(TASK BRIEF): Count how many lines in the entries below hold the string "units", and respond with that number only.

THE DATA Start Marker

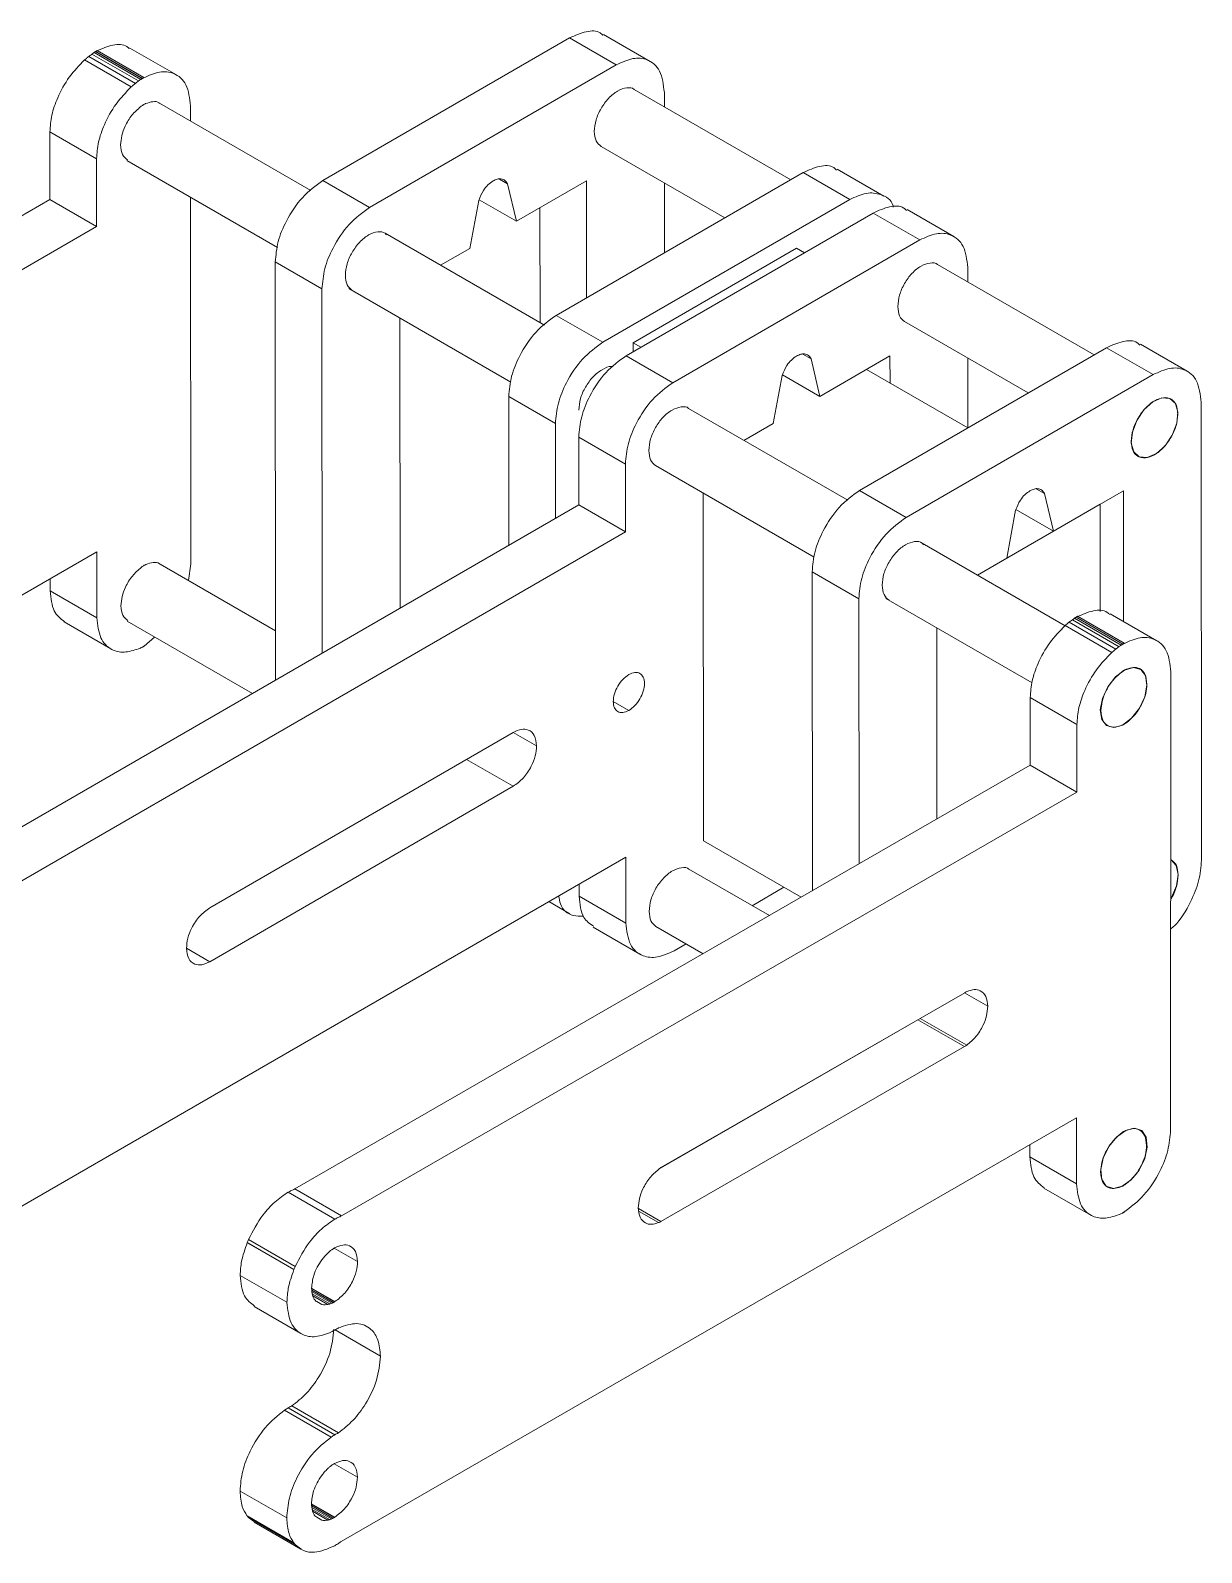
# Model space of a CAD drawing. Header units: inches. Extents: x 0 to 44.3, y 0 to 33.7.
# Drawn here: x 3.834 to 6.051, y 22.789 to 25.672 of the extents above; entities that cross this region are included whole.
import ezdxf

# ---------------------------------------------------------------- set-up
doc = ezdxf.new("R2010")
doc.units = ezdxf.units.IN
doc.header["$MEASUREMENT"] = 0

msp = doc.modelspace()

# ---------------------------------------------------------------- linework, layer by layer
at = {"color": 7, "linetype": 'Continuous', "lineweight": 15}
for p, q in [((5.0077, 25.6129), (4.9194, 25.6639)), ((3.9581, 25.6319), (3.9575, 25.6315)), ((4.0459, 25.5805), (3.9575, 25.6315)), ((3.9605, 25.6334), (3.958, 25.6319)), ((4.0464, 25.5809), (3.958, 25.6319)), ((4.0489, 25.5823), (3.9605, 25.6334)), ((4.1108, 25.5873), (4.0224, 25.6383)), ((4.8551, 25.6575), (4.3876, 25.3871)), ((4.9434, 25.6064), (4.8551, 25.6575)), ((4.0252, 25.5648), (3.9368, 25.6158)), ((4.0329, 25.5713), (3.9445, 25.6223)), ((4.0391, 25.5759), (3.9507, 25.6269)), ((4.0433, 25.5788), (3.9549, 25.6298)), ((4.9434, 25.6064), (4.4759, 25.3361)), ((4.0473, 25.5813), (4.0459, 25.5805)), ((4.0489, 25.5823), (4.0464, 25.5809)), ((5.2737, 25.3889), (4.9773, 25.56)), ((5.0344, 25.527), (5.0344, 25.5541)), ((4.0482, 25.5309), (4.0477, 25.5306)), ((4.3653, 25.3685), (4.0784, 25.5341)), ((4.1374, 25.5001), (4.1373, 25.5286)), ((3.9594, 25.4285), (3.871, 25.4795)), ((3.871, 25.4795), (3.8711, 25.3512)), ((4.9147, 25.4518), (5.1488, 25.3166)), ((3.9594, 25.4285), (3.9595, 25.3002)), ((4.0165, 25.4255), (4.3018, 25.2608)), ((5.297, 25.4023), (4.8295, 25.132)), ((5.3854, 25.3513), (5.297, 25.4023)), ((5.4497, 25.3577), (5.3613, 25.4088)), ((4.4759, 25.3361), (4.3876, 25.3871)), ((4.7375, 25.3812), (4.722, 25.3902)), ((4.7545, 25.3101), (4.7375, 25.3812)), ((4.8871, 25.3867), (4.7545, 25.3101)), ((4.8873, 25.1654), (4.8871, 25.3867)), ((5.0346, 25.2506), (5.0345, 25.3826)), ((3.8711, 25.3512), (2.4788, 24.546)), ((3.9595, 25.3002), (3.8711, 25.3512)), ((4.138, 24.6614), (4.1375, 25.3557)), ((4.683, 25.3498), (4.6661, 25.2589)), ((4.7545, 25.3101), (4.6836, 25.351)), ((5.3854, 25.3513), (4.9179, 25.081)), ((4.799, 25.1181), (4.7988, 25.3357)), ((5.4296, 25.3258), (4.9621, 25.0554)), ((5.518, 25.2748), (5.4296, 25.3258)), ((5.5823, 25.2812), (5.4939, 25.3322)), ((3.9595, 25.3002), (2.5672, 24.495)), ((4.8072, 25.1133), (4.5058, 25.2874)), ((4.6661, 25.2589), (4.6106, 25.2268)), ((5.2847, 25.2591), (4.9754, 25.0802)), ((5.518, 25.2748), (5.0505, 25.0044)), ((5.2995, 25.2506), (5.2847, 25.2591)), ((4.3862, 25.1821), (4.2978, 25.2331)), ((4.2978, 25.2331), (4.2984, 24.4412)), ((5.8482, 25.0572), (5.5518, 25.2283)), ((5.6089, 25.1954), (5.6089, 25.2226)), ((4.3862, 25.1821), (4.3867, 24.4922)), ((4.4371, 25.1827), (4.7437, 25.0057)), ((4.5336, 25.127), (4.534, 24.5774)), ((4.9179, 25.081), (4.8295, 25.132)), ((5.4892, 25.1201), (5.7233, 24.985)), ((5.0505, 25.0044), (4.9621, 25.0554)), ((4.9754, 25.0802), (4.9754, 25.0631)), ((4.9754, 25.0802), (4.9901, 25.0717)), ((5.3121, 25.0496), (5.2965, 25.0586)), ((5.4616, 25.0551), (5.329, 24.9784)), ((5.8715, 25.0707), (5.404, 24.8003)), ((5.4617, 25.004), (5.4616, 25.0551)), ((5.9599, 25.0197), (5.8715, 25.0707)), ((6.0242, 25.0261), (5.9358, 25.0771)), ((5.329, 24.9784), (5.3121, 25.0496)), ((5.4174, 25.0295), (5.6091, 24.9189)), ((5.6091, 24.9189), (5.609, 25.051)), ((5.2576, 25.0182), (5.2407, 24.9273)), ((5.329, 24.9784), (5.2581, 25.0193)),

THE DATA End Marker

(RESULT OF THIS EXERCISE): 2